Samantha Cristoforetti torna nello spazio da comandante. “La fiducia nei vaccini si recupera con una comunicazione trasparente”

Tra circa nove mesi, nella primavera del 2022, tornerà nella Stazione Spaziale Internazionale per la missione assegnatale dall’Agenzia Spaziale Europea.

Samantha Cristoforetti

In  una lunga intervista di Sette del Corriere della Sera, Samantha Cristoforetti racconta molto della sua vita e della sua eccezionale  esperienza da astronauta  toccando anche il tema del Covid e della comunicazione di cui riportiamo qui di seguito alcuni stralci:

La pandemia ci sta costringendo anche misurarci con i timori e lo scetticismo nei confronti dei vaccini.
«Non credo sia un problema di alfabetizzazione scientifica. Io, e così la mia famiglia, per esempio mi sono vaccinata alla prima occasione utile non perché ho letto i paper o acquisito informazioni che tuttora non ho. Ci sono istituzioni deputate e io scelgo di fidarmi di queste istituzioni. Quindi la domanda da farsi è: perché ci sono persone che scelgono di fidarsi del ciarlatano di turno su Facebook e non delle istituzioni? Come si può recuperare questa fiducia?».

Gliela giro volentieri: come si fa?
«Con una comunicazione trasparente e onesta. E distinguendo quello che è scienza da quello che è ricerca: la scienza è un patrimonio di conoscenze grossomodo acquisite che non è più ragionevole mettere in discussione, mentre la ricerca è una parte della scienza ancora oggetto di discussione, di dibattito, con delle bande di incertezza, che vanno comunicate con onestà. Anche la divulgazione scientifica da parte di voi giornalisti è fondamentale: l’ipersemplificazione porta a messaggi contrastanti, per cui poi le persone non si fidano. Forse bisogna avere un po’ più di fiducia nel fatto che siano in grado di gestire un messaggio più articolato».

La ginnasta Simone Biles si è ritirata dalla maggior parte delle gare alle Olimpiadi di Tokyo sottolineando l’importanza di concentrarsi sulla sua «salute mentale». Il tennista Novak Djokovic ha commentato che «la pressione è un privilegio» e senza non esisterebbe lo sport agonistico.
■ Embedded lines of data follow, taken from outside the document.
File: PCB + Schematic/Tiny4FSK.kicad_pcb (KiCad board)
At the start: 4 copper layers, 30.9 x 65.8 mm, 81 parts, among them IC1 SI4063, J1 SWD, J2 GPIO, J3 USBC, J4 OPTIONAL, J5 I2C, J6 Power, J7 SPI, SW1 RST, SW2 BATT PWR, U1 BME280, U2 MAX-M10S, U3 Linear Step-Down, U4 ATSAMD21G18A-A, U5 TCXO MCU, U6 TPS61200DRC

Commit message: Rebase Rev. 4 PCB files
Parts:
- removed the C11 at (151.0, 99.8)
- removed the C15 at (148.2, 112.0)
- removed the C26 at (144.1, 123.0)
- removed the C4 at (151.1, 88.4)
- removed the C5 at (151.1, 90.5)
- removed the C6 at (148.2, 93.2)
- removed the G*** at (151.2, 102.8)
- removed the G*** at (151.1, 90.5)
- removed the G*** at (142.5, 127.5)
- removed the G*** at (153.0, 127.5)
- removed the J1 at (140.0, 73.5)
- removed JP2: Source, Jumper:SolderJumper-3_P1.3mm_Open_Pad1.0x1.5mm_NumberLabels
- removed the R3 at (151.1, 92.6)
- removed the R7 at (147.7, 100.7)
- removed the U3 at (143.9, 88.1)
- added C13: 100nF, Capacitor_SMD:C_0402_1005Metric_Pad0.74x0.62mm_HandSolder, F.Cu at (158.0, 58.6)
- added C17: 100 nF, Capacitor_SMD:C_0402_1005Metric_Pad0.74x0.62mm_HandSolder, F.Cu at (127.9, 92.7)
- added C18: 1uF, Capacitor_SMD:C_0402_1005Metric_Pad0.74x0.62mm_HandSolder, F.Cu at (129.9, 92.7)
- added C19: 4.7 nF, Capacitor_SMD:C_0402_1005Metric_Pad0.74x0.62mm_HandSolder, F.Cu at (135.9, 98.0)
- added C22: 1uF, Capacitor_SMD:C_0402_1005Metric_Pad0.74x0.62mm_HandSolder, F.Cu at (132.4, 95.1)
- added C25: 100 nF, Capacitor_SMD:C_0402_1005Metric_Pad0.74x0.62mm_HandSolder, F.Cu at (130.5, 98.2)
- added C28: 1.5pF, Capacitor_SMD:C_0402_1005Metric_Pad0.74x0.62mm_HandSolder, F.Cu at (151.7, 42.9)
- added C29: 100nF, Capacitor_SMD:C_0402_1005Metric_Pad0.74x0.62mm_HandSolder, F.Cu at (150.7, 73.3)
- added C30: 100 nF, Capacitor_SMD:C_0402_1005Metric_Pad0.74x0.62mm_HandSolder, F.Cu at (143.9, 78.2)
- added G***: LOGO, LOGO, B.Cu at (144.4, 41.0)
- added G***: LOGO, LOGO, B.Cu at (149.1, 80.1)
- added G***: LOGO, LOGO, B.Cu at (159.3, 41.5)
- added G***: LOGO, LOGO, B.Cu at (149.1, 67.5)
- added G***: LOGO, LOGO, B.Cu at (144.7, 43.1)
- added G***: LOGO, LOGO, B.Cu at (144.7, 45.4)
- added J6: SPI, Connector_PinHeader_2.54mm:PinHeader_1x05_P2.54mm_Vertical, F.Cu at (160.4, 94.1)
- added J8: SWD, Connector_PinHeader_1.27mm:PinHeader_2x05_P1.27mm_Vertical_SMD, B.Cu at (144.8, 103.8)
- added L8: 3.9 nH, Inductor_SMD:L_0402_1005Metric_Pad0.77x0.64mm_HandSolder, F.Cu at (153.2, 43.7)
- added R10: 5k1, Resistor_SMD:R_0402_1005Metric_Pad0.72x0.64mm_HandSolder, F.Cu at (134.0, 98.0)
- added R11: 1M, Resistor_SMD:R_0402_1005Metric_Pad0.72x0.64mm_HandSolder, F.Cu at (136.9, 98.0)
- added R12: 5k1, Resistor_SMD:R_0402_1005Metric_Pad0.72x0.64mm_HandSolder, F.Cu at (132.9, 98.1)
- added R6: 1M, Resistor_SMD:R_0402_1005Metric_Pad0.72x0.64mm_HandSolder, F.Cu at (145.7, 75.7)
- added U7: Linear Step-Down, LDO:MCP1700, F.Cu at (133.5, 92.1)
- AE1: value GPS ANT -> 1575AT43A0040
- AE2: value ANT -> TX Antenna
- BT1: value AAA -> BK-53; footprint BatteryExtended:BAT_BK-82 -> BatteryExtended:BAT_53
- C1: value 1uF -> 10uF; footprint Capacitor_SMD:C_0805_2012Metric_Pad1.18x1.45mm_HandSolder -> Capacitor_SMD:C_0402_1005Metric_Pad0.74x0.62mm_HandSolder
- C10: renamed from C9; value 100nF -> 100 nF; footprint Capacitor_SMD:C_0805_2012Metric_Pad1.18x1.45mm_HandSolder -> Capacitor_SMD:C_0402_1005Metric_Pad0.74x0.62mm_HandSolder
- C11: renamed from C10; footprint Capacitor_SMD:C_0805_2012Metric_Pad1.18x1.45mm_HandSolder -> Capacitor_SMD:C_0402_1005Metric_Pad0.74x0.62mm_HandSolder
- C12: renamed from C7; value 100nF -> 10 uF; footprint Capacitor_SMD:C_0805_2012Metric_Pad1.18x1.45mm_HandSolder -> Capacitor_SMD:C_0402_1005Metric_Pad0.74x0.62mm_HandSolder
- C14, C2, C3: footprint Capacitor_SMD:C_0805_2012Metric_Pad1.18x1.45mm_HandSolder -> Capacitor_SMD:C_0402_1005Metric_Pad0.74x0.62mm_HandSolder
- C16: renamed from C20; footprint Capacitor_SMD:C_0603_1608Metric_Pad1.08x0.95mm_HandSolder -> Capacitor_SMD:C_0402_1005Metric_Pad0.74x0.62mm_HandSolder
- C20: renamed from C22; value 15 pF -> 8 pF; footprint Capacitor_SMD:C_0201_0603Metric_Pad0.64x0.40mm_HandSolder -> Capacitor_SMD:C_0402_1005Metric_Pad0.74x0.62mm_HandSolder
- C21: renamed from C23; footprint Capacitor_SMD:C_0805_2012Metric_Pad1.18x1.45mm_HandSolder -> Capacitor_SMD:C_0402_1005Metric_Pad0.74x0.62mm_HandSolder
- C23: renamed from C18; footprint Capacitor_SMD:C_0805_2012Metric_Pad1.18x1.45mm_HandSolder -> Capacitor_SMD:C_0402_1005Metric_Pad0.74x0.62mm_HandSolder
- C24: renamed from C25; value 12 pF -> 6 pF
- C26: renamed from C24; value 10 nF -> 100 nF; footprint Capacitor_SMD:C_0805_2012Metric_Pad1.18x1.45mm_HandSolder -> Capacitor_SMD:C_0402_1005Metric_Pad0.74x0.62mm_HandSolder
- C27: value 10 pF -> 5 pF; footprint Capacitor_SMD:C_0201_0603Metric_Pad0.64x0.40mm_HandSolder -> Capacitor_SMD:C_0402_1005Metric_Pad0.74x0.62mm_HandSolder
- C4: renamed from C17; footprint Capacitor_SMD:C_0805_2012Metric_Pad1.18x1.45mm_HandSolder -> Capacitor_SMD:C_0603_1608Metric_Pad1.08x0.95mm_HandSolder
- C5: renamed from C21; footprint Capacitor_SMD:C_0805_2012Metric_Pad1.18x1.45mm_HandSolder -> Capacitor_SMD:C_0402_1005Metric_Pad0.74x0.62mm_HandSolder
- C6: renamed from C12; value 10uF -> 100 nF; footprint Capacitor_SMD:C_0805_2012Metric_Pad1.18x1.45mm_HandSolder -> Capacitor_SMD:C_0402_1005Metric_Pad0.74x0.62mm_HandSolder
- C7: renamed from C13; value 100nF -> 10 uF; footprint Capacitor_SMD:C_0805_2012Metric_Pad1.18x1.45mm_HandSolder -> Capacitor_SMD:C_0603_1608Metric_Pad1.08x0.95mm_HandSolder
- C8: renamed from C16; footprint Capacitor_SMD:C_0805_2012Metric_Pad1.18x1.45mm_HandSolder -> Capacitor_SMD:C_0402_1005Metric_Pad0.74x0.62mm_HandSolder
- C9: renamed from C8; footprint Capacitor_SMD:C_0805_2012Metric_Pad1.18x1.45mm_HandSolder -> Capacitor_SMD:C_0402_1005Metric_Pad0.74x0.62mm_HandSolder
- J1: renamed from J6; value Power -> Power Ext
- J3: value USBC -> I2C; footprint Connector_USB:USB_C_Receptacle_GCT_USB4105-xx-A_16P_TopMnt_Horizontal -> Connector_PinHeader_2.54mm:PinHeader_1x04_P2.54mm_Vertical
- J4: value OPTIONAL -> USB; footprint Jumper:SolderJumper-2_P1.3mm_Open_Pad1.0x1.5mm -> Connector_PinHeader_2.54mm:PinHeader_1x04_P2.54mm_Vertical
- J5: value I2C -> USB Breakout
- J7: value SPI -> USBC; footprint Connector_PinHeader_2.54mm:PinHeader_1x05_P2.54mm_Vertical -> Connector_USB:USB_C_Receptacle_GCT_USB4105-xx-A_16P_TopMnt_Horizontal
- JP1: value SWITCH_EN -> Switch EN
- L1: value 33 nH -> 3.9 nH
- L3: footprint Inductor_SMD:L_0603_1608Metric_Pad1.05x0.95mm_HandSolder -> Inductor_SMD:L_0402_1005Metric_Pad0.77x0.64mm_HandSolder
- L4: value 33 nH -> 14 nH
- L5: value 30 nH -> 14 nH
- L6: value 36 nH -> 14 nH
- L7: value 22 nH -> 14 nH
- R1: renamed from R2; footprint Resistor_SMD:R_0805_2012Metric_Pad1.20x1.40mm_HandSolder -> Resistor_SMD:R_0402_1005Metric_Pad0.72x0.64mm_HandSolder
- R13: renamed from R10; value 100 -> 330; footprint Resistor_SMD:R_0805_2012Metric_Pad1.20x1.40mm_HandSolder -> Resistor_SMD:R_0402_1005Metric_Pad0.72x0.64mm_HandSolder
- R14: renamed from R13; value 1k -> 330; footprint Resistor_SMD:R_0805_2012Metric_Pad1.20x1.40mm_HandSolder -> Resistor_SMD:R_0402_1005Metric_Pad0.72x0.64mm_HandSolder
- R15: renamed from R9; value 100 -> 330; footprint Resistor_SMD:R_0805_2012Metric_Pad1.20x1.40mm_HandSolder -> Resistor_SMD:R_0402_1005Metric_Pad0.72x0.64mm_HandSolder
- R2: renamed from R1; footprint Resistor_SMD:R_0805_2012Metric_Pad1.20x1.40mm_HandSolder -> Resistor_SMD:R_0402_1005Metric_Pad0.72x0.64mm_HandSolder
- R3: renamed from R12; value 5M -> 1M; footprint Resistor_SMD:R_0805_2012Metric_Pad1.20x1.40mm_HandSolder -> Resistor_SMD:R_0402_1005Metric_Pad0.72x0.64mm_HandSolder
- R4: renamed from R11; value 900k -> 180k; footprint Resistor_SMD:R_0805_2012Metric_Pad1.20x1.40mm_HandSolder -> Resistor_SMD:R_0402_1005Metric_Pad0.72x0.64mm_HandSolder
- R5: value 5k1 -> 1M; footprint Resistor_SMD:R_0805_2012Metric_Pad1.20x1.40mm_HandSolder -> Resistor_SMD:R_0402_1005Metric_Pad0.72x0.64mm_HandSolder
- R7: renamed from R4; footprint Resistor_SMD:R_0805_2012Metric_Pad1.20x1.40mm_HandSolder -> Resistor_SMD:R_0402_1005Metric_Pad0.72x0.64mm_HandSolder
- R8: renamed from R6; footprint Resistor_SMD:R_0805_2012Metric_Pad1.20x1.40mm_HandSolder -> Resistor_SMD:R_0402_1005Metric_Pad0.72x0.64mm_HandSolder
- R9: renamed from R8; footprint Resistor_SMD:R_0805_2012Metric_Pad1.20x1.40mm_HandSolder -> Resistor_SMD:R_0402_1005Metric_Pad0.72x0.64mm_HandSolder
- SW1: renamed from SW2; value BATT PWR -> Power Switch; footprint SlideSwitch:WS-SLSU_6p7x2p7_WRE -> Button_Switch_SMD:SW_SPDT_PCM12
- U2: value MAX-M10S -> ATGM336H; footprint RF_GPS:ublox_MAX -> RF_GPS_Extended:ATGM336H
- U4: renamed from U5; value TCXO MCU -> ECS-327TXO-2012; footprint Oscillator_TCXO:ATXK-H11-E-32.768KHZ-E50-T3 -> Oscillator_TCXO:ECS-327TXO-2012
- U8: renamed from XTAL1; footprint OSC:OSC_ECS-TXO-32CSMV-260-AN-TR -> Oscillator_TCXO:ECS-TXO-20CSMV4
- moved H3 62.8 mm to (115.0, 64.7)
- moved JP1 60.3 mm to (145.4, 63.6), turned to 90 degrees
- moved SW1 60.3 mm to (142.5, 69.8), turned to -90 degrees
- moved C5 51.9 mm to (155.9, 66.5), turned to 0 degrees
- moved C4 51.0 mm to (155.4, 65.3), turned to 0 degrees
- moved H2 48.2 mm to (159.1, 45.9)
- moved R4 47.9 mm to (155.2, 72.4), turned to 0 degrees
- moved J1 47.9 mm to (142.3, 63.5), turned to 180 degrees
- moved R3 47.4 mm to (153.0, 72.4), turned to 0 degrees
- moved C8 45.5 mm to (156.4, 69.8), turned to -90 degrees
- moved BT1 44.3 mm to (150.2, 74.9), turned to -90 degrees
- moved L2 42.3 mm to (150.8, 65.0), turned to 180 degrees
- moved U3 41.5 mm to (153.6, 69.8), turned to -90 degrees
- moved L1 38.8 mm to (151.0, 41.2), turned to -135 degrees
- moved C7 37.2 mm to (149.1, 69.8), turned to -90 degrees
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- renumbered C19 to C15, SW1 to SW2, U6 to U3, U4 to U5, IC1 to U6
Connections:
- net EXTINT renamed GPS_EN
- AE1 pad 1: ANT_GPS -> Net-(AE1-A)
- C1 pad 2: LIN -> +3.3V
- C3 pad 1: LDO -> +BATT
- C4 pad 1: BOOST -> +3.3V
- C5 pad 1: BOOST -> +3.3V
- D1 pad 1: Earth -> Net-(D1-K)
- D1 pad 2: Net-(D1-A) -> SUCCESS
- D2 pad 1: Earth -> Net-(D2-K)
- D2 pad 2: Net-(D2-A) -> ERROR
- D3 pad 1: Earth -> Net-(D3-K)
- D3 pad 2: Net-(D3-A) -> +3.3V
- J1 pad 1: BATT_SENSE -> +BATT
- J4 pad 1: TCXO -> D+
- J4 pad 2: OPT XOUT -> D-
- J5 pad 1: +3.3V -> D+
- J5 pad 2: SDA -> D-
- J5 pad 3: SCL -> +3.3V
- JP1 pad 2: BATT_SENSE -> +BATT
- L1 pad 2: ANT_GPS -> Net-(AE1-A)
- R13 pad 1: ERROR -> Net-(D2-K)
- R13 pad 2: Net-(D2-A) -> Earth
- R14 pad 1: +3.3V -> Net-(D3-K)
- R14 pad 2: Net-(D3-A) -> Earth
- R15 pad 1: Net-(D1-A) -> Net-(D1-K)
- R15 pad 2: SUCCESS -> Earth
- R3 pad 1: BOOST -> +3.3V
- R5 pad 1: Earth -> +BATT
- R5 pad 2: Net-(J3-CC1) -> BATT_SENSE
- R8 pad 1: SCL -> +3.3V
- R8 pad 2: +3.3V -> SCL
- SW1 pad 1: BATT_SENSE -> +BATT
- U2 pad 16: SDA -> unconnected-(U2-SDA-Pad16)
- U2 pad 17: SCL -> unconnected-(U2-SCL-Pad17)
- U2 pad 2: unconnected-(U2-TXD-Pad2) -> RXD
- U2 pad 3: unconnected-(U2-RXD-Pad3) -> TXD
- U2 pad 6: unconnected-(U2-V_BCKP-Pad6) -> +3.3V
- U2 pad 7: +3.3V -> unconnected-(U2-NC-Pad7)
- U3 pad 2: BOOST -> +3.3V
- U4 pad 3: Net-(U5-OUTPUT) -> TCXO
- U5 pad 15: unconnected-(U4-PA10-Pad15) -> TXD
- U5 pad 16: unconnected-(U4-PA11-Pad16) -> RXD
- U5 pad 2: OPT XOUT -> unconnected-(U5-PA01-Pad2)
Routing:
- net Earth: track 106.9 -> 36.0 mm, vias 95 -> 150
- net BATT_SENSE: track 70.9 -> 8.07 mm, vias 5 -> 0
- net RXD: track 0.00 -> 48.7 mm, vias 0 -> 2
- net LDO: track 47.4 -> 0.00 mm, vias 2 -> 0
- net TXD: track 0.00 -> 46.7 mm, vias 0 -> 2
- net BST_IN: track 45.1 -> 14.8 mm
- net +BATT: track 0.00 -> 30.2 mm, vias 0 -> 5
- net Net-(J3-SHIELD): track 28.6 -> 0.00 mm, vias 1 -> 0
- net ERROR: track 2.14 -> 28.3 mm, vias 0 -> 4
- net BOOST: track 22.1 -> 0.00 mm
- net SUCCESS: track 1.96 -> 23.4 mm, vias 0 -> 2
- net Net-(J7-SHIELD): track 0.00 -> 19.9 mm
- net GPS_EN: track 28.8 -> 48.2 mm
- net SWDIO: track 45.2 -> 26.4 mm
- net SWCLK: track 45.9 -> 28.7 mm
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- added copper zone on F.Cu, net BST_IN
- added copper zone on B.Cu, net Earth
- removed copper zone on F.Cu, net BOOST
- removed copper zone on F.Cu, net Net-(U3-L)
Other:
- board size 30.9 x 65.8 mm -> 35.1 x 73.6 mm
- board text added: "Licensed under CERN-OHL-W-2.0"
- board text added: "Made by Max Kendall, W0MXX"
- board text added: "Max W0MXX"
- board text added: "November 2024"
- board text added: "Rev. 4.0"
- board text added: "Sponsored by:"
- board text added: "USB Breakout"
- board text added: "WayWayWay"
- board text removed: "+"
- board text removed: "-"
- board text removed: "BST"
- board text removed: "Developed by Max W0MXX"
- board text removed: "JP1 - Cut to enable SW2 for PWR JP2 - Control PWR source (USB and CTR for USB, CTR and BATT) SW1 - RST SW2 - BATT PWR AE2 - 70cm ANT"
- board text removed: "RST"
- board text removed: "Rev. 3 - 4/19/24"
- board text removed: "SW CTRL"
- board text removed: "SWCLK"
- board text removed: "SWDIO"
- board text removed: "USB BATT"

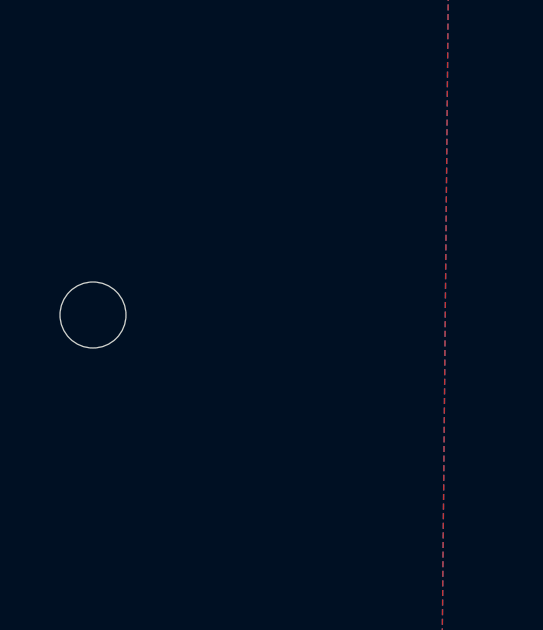
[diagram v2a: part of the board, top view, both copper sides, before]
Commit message: revert kicad version to 8
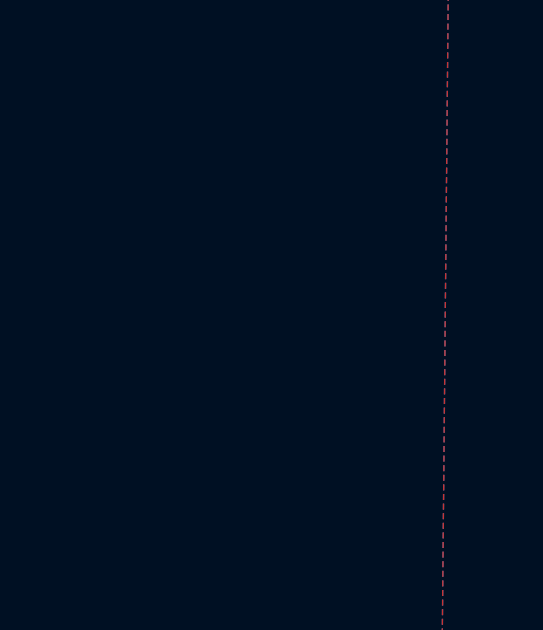
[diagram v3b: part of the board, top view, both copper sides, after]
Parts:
- removed H3: MountingHole, MountingHole:MountingHole_2.2mm_M2
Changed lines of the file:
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@@
 			(thermal_bridge_angle 45)
 		)
-		(model "${KIPRJMOD}/3D/CM7V-T1A-32.768K-12.5PF-20PPM-TA-QA.step"
-			(offset
-				(xyz 0 0 0)
-			)
-			(scale
-				(xyz 1 1 1)
-			)
-			(rotate
-				(xyz -90 0 0)
-			)
-		)
 	)
 	(footprint "Connector_USB:USB_C_Receptacle_GCT_USB4105-xx-A_16P_TopMnt_Horizontal"
@@
 			(pintype "no_connect")
 		)
-		(model "${KIPRJMOD}/3D/User Library-MAX-M8 u-blox M8 Concurrent GNSS Module.step"
+		(model "C:/Users/maxsr/Downloads/User Library-MAX-M8 u-blox M8 Concurrent GNSS Module.step"
 			(offset
 				(xyz 0 0 0)
@@
 		)
 	)
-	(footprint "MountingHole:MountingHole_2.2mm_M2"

Lei lavora in un ambiente molto competitivo e conosce il calore e il bruciore dei riflettori, a chi si sente più vicina?
«Sono vere entrambe le cose: la pressione fa parte della competizione, certo, ma penso che ci voglia molto coraggio a non fare tutto quello che gli altri si aspettano da te. Non penso che si possa accusare un’atleta del livello di Biles di non saper gestire la pressione o un ambiente competitivo: a Tokyo lei ha dimostrato di essere una gigante non solo dello sport ma anche della consapevolezza di sé e dell’autonomia di giudizio. Perché è di sicurezza che stiamo parlando, di cosa era più sicuro e giusto fare, o non fare in questo caso. Ciò non toglie che abbia ragione anche Djokovic. Io non sono un’atleta e posso solo immaginare la pressione a cui sono sottoposti, Biles suscita in me molta ammirazione».

In realtà anche lei è molto esposta, come gestisce la pressione?
«Fino adesso nella mia vita ho sempre avuto la certezza di fare le mie scelte seguendo la mia volontà, non le aspettative altrui. Uno dei grandi auguri che faccio a me stessa è di continuare così. Non lo do per scontato, perché non è facile. Per questo dico che ho una grande ammirazione per Biles”. (…)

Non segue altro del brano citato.